Saabye and the new property
The property was destroyed in the Copenhagen Fire of 1795, together with most of the other buildings in the area. The current building on the site was constructed in  17991800 by master carpenter Christopher Crane for merchant Claus Saabye.

Saabye's property was home to four households at the 1801 census. The 30-year-old owner resided in one of the apartments with his widowed mother Mette Marie Barmeyer, a clerk and a maid. Knud Engelbreth Langberg, a general average adjuster (Dispacheur), resided in the building with his wife Birgitte Marie Jacobsen. Else Langberg (née Jacobsen), a widow, resided in a third apartment with her four children (aged four to 10), two clerks and two maids.

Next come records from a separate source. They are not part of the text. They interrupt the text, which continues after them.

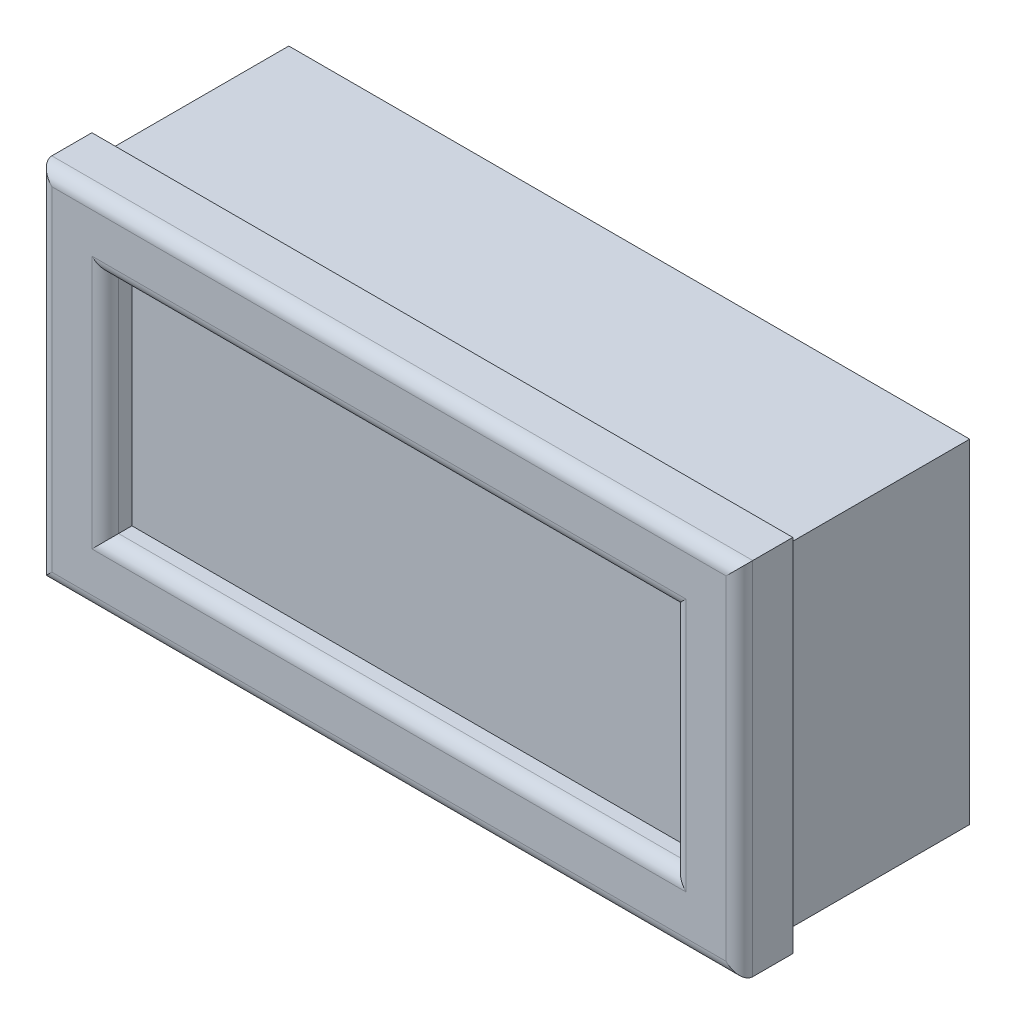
from build123d import *

# Parameters (mm, degrees)
ESQUISSE1_W             = 52.5
ESQUISSE1_H             = 27
BOSS_EXTRU_1_DEPTH      = 4
ESQUISSE2_W             = 42.5
ESQUISSE2_H             = 17
ENL_V_MAT_EXTRU_1_DEPTH = 2
ESQUISSE3_W             = 51
ESQUISSE3_H             = 25
BOSS_EXTRU_2_DEPTH      = 14
CONG_1_R                = 1
ESQUISSE4_R             = 1.5
BOSS_EXTRU_3_DEPTH      = 1.5


with BuildPart() as part:
    # Esquisse1 → Boss.-Extru.1 (new body)
    with BuildSketch(Plane.XY):
        with Locations((3.038422, -1.904042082)):
            Rectangle(ESQUISSE1_W, ESQUISSE1_H)
    extrude(amount=BOSS_EXTRU_1_DEPTH)

    # Esquisse2 → Enl_v. mat.-Extru.1 (cut)
    with BuildSketch(Plane.XY.offset(4)):
        with Locations((3.038422, -1.904042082)):
            Rectangle(ESQUISSE2_W, ESQUISSE2_H)
    extrude(amount=-ENL_V_MAT_EXTRU_1_DEPTH, mode=Mode.SUBTRACT)

    # Esquisse3 → Boss.-Extru.2 (add)
    with BuildSketch(Plane(origin=(0, 0, 0), x_dir=(-1, 0, 0), z_dir=(0, 0, -1))):
        with Locations((-3.038422, -1.904042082)):
            Rectangle(ESQUISSE3_W, ESQUISSE3_H)
    extrude(amount=BOSS_EXTRU_2_DEPTH)

    # Cong_1
    cong_1_edges = [part.edges().sort_by_distance(p)[0] for p in [
        (29.288422, -1.904042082, 4),
        (3.038422, 11.595957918, 4),
        (-18.211578, -1.904042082, 4),
        (3.038422, -10.404042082, 4),
        (24.288422, -1.904042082, 4),
        (3.038422, 6.595957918, 4),
        (-23.211578, -1.904042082, 4),
        (3.038422, -15.404042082, 4),
    ]]
    fillet(cong_1_edges, radius=CONG_1_R)

    # Esquisse4 → Boss.-Extru.3 (add)
    with BuildSketch(Plane(origin=(0, 0, -14), x_dir=(-1, 0, 0), z_dir=(0, 0, -1))):
        with Locations((5.461578, 4.595957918)):
            Circle(ESQUISSE4_R)
        with Locations((12.461578, 4.595957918)):
            Circle(ESQUISSE4_R)
    extrude(amount=BOSS_EXTRU_3_DEPTH)


solid = part.part
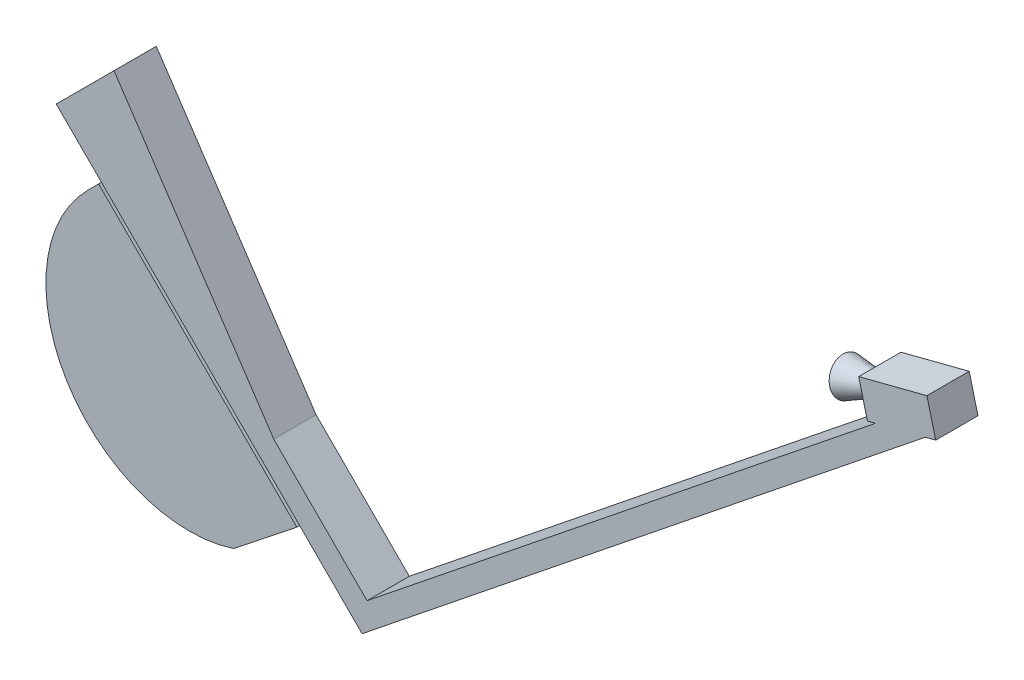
ISO-10303-21;
HEADER;
FILE_DESCRIPTION(('STEP AP214'),'2;1');
FILE_NAME('part.step','',(''),(''),'','','');
FILE_SCHEMA(('AUTOMOTIVE_DESIGN { 1 0 10303 214 1 1 1 1 }'));
ENDSEC;
DATA;
#1=APPLICATION_CONTEXT('core data for automotive mechanical design processes');
#2=APPLICATION_PROTOCOL_DEFINITION('international standard','automotive_design',2000,#1);
#3=PRODUCT_CONTEXT('',#1,'mechanical');
#4=PRODUCT('Part','Part','',(#3));
#5=PRODUCT_RELATED_PRODUCT_CATEGORY('part','',(#4));
#6=PRODUCT_DEFINITION_FORMATION('','',#4);
#7=PRODUCT_DEFINITION_CONTEXT('part definition',#1,'design');
#8=PRODUCT_DEFINITION('design','',#6,#7);
#9=PRODUCT_DEFINITION_SHAPE('','',#8);
#10=(LENGTH_UNIT() NAMED_UNIT(*) SI_UNIT(.MILLI.,.METRE.));
#11=(NAMED_UNIT(*) PLANE_ANGLE_UNIT() SI_UNIT($,.RADIAN.));
#12=(NAMED_UNIT(*) SI_UNIT($,.STERADIAN.) SOLID_ANGLE_UNIT());
#13=UNCERTAINTY_MEASURE_WITH_UNIT(LENGTH_MEASURE(1.E-05),#10,'distance_accuracy_value','');
#14=(GEOMETRIC_REPRESENTATION_CONTEXT(3) GLOBAL_UNCERTAINTY_ASSIGNED_CONTEXT((#13)) GLOBAL_UNIT_ASSIGNED_CONTEXT((#10,
#11,#12)) REPRESENTATION_CONTEXT('',''));
#15=CARTESIAN_POINT('',(0.,0.,0.));
#16=DIRECTION('',(0.,0.,1.));
#17=DIRECTION('',(1.,0.,0.));
#18=AXIS2_PLACEMENT_3D('',#15,#16,#17);
#19=CARTESIAN_POINT('',(-310.477036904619,245.573361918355,43.1));
#20=DIRECTION('',(-0.707106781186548,-0.707106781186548,0.));
#21=DIRECTION('',(0.707106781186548,-0.707106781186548,0.));
#22=AXIS2_PLACEMENT_3D('',#19,#20,#21);
#23=PLANE('',#22);
#24=DIRECTION('',(-0.707106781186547,0.707106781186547,0.));
#25=VECTOR('',#24,1.);
#26=CARTESIAN_POINT('',(-310.477036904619,245.573361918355,38.1));
#27=LINE('',#26,#25);
#28=CARTESIAN_POINT('',(46.638646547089,-111.542321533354,38.1));
#29=VERTEX_POINT('',#28);
#30=CARTESIAN_POINT('',(-310.477036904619,245.573361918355,38.1));
#31=VERTEX_POINT('',#30);
#32=EDGE_CURVE('E116',#29,#31,#27,.T.);
#33=ORIENTED_EDGE('',*,*,#32,.T.);
#34=DIRECTION('',(0.,0.,-1.));
#35=VECTOR('',#34,1.);
#36=CARTESIAN_POINT('',(-310.477036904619,245.573361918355,43.1));
#37=LINE('',#36,#35);
#38=CARTESIAN_POINT('',(-310.477036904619,245.573361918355,43.1));
#39=VERTEX_POINT('',#38);
#40=EDGE_CURVE('E12',#39,#31,#37,.T.);
#41=ORIENTED_EDGE('',*,*,#40,.F.);
#42=DIRECTION('',(-0.707106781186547,0.707106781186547,0.));
#43=VECTOR('',#42,1.);
#44=CARTESIAN_POINT('',(-310.477036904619,245.573361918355,43.1));
#45=LINE('',#44,#43);
#46=CARTESIAN_POINT('',(46.638646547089,-111.542321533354,43.1));
#47=VERTEX_POINT('',#46);
#48=EDGE_CURVE('E104',#47,#39,#45,.T.);
#49=ORIENTED_EDGE('',*,*,#48,.F.);
#50=DIRECTION('',(0.,0.,-1.));
#51=VECTOR('',#50,1.);
#52=CARTESIAN_POINT('',(46.638646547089,-111.542321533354,43.1));
#53=LINE('',#52,#51);
#54=EDGE_CURVE('E112',#47,#29,#53,.T.);
#55=ORIENTED_EDGE('',*,*,#54,.T.);
#56=EDGE_LOOP('',(#33,#41,#49,#55));
#57=FACE_BOUND('',#56,.T.);
#58=ADVANCED_FACE('F53',(#57),#23,.F.);
#59=CARTESIAN_POINT('',(-310.477036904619,245.573361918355,43.1));
#60=DIRECTION('',(0.707106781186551,-0.707106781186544,0.));
#61=DIRECTION('',(0.707106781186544,0.707106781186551,0.));
#62=AXIS2_PLACEMENT_3D('',#59,#60,#61);
#63=PLANE('',#62);
#64=DIRECTION('',(-0.707106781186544,-0.707106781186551,0.));
#65=VECTOR('',#64,1.);
#66=CARTESIAN_POINT('',(-310.477036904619,245.573361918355,38.1));
#67=LINE('',#66,#65);
#68=CARTESIAN_POINT('',(-329.965264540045,226.085134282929,38.1));
#69=VERTEX_POINT('',#68);
#70=EDGE_CURVE('E108',#31,#69,#67,.T.);
#71=ORIENTED_EDGE('',*,*,#70,.T.);
#72=DIRECTION('',(0.,0.,-1.));
#73=VECTOR('',#72,1.);
#74=CARTESIAN_POINT('',(-329.965264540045,226.085134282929,43.1));
#75=LINE('',#74,#73);
#76=CARTESIAN_POINT('',(-329.965264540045,226.085134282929,43.1));
#77=VERTEX_POINT('',#76);
#78=EDGE_CURVE('E61',#77,#69,#75,.T.);
#79=ORIENTED_EDGE('',*,*,#78,.F.);
#80=DIRECTION('',(-0.707106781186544,-0.707106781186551,0.));
#81=VECTOR('',#80,1.);
#82=CARTESIAN_POINT('',(-310.477036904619,245.573361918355,43.1));
#83=LINE('',#82,#81);
#84=EDGE_CURVE('E99',#39,#77,#83,.T.);
#85=ORIENTED_EDGE('',*,*,#84,.F.);
#86=ORIENTED_EDGE('',*,*,#40,.T.);
#87=EDGE_LOOP('',(#71,#79,#85,#86));
#88=FACE_BOUND('',#87,.T.);
#89=ADVANCED_FACE('F107',(#88),#63,.F.);
#90=CARTESIAN_POINT('',(-147.427990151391,43.5478598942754,43.1));
#91=DIRECTION('',(0.,0.,-1.));
#92=DIRECTION('',(-1.,0.,0.));
#93=AXIS2_PLACEMENT_3D('',#90,#91,#92);
#94=CYLINDRICAL_SURFACE('',#93,258.146689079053);
#95=CARTESIAN_POINT('',(-147.427990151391,43.5478598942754,38.1));
#96=DIRECTION('',(0.,0.,1.));
#97=DIRECTION('',(1.,0.,0.));
#98=AXIS2_PLACEMENT_3D('',#95,#96,#97);
#99=CIRCLE('',#98,258.146689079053);
#100=CARTESIAN_POINT('',(-67.2523356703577,-201.832615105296,38.1));
#101=VERTEX_POINT('',#100);
#102=EDGE_CURVE('E86',#69,#101,#99,.T.);
#103=ORIENTED_EDGE('',*,*,#102,.T.);
#104=DIRECTION('',(0.,0.,-1.));
#105=VECTOR('',#104,1.);
#106=CARTESIAN_POINT('',(-67.2523356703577,-201.832615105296,43.1));
#107=LINE('',#106,#105);
#108=CARTESIAN_POINT('',(-67.2523356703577,-201.832615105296,43.1));
#109=VERTEX_POINT('',#108);
#110=EDGE_CURVE('E109',#109,#101,#107,.T.);
#111=ORIENTED_EDGE('',*,*,#110,.F.);
#112=CARTESIAN_POINT('',(-147.427990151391,43.5478598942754,43.1));
#113=DIRECTION('',(0.,0.,1.));
#114=DIRECTION('',(1.,0.,0.));
#115=AXIS2_PLACEMENT_3D('',#112,#113,#114);
#116=CIRCLE('',#115,258.146689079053);
#117=EDGE_CURVE('E102',#77,#109,#116,.T.);
#118=ORIENTED_EDGE('',*,*,#117,.F.);
#119=ORIENTED_EDGE('',*,*,#78,.T.);
#120=EDGE_LOOP('',(#103,#111,#118,#119));
#121=FACE_BOUND('',#120,.T.);
#122=ADVANCED_FACE('F110',(#121),#94,.T.);
#123=CARTESIAN_POINT('',(-67.2523356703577,-201.832615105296,43.1));
#124=DIRECTION('',(-0.621238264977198,0.783621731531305,0.));
#125=DIRECTION('',(-0.783621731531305,-0.621238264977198,0.));
#126=AXIS2_PLACEMENT_3D('',#123,#124,#125);
#127=PLANE('',#126);
#128=DIRECTION('',(0.783621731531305,0.621238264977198,0.));
#129=VECTOR('',#128,1.);
#130=CARTESIAN_POINT('',(-67.2523356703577,-201.832615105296,38.1));
#131=LINE('',#130,#129);
#132=EDGE_CURVE('E92',#101,#29,#131,.T.);
#133=ORIENTED_EDGE('',*,*,#132,.T.);
#134=ORIENTED_EDGE('',*,*,#54,.F.);
#135=DIRECTION('',(0.783621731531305,0.621238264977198,0.));
#136=VECTOR('',#135,1.);
#137=CARTESIAN_POINT('',(-67.2523356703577,-201.832615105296,43.1));
#138=LINE('',#137,#136);
#139=EDGE_CURVE('E69',#109,#47,#138,.T.);
#140=ORIENTED_EDGE('',*,*,#139,.F.);
#141=ORIENTED_EDGE('',*,*,#110,.T.);
#142=EDGE_LOOP('',(#133,#134,#140,#141));
#143=FACE_BOUND('',#142,.T.);
#144=ADVANCED_FACE('F123',(#143),#127,.F.);
#145=CARTESIAN_POINT('',(-147.427990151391,43.5478598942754,43.1));
#146=DIRECTION('',(0.,0.,1.));
#147=DIRECTION('',(1.,0.,0.));
#148=AXIS2_PLACEMENT_3D('',#145,#146,#147);
#149=PLANE('',#148);
#150=ORIENTED_EDGE('',*,*,#48,.T.);
#151=ORIENTED_EDGE('',*,*,#84,.T.);
#152=ORIENTED_EDGE('',*,*,#117,.T.);
#153=ORIENTED_EDGE('',*,*,#139,.T.);
#154=EDGE_LOOP('',(#150,#151,#152,#153));
#155=FACE_BOUND('',#154,.T.);
#156=ADVANCED_FACE('F100',(#155),#149,.T.);
#157=CARTESIAN_POINT('',(-147.427990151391,43.5478598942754,38.1));
#158=DIRECTION('',(0.,0.,1.));
#159=DIRECTION('',(1.,0.,0.));
#160=AXIS2_PLACEMENT_3D('',#157,#158,#159);
#161=PLANE('',#160);
#162=ORIENTED_EDGE('',*,*,#32,.F.);
#163=ORIENTED_EDGE('',*,*,#132,.F.);
#164=ORIENTED_EDGE('',*,*,#102,.F.);
#165=ORIENTED_EDGE('',*,*,#70,.F.);
#166=EDGE_LOOP('',(#162,#163,#164,#165));
#167=FACE_BOUND('',#166,.T.);
#168=ADVANCED_FACE('F126',(#167),#161,.F.);
#169=CLOSED_SHELL('',(#58,#89,#122,#144,#156,#168));
#170=MANIFOLD_SOLID_BREP('B2',#169);
#171=CARTESIAN_POINT('',(-287.849814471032,431.100566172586,38.1));
#172=DIRECTION('',(-0.831649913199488,-0.555300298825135,0.));
#173=DIRECTION('',(0.555300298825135,-0.831649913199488,0.));
#174=AXIS2_PLACEMENT_3D('',#171,#172,#173);
#175=PLANE('',#174);
#176=DIRECTION('',(-0.555300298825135,0.831649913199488,0.));
#177=VECTOR('',#176,1.);
#178=CARTESIAN_POINT('',(-287.849814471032,431.100566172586,-38.1));
#179=LINE('',#178,#177);
#180=CARTESIAN_POINT('',(0.,0.,-38.1));
#181=VERTEX_POINT('',#180);
#182=CARTESIAN_POINT('',(-287.849814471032,431.100566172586,-38.1));
#183=VERTEX_POINT('',#182);
#184=EDGE_CURVE('E292',#181,#183,#179,.T.);
#185=ORIENTED_EDGE('',*,*,#184,.T.);
#186=DIRECTION('',(0.,0.,-1.));
#187=VECTOR('',#186,1.);
#188=CARTESIAN_POINT('',(-287.849814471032,431.100566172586,38.1));
#189=LINE('',#188,#187);
#190=CARTESIAN_POINT('',(-287.849814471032,431.100566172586,38.1));
#191=VERTEX_POINT('',#190);
#192=EDGE_CURVE('E185',#191,#183,#189,.T.);
#193=ORIENTED_EDGE('',*,*,#192,.F.);
#194=DIRECTION('',(-0.555300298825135,0.831649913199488,0.));
#195=VECTOR('',#194,1.);
#196=CARTESIAN_POINT('',(-287.849814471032,431.100566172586,38.1));
#197=LINE('',#196,#195);
#198=CARTESIAN_POINT('',(0.,0.,38.1));
#199=VERTEX_POINT('',#198);
#200=EDGE_CURVE('E313',#199,#191,#197,.T.);
#201=ORIENTED_EDGE('',*,*,#200,.F.);
#202=DIRECTION('',(0.,0.,-1.));
#203=VECTOR('',#202,1.);
#204=CARTESIAN_POINT('',(0.,0.,38.1));
#205=LINE('',#204,#203);
#206=EDGE_CURVE('E288',#199,#181,#205,.T.);
#207=ORIENTED_EDGE('',*,*,#206,.T.);
#208=EDGE_LOOP('',(#185,#193,#201,#207));
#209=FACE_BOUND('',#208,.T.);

The basement was home to 13 people, including an office courier, a fishmonger and a fisherman as well.

Salomonsen family
The property was listed in the new cadastre of 1806 as No. 11 in Strand Quarter. It was at that time owned by grocer (urtekræmmer) Samuel Moses Salomonsen (1778-1855). He was married to Malchen Henriques (1777-1835). a daughter of  Bendix Moses Henriques and a sister of among others Ruben Henriques Jr.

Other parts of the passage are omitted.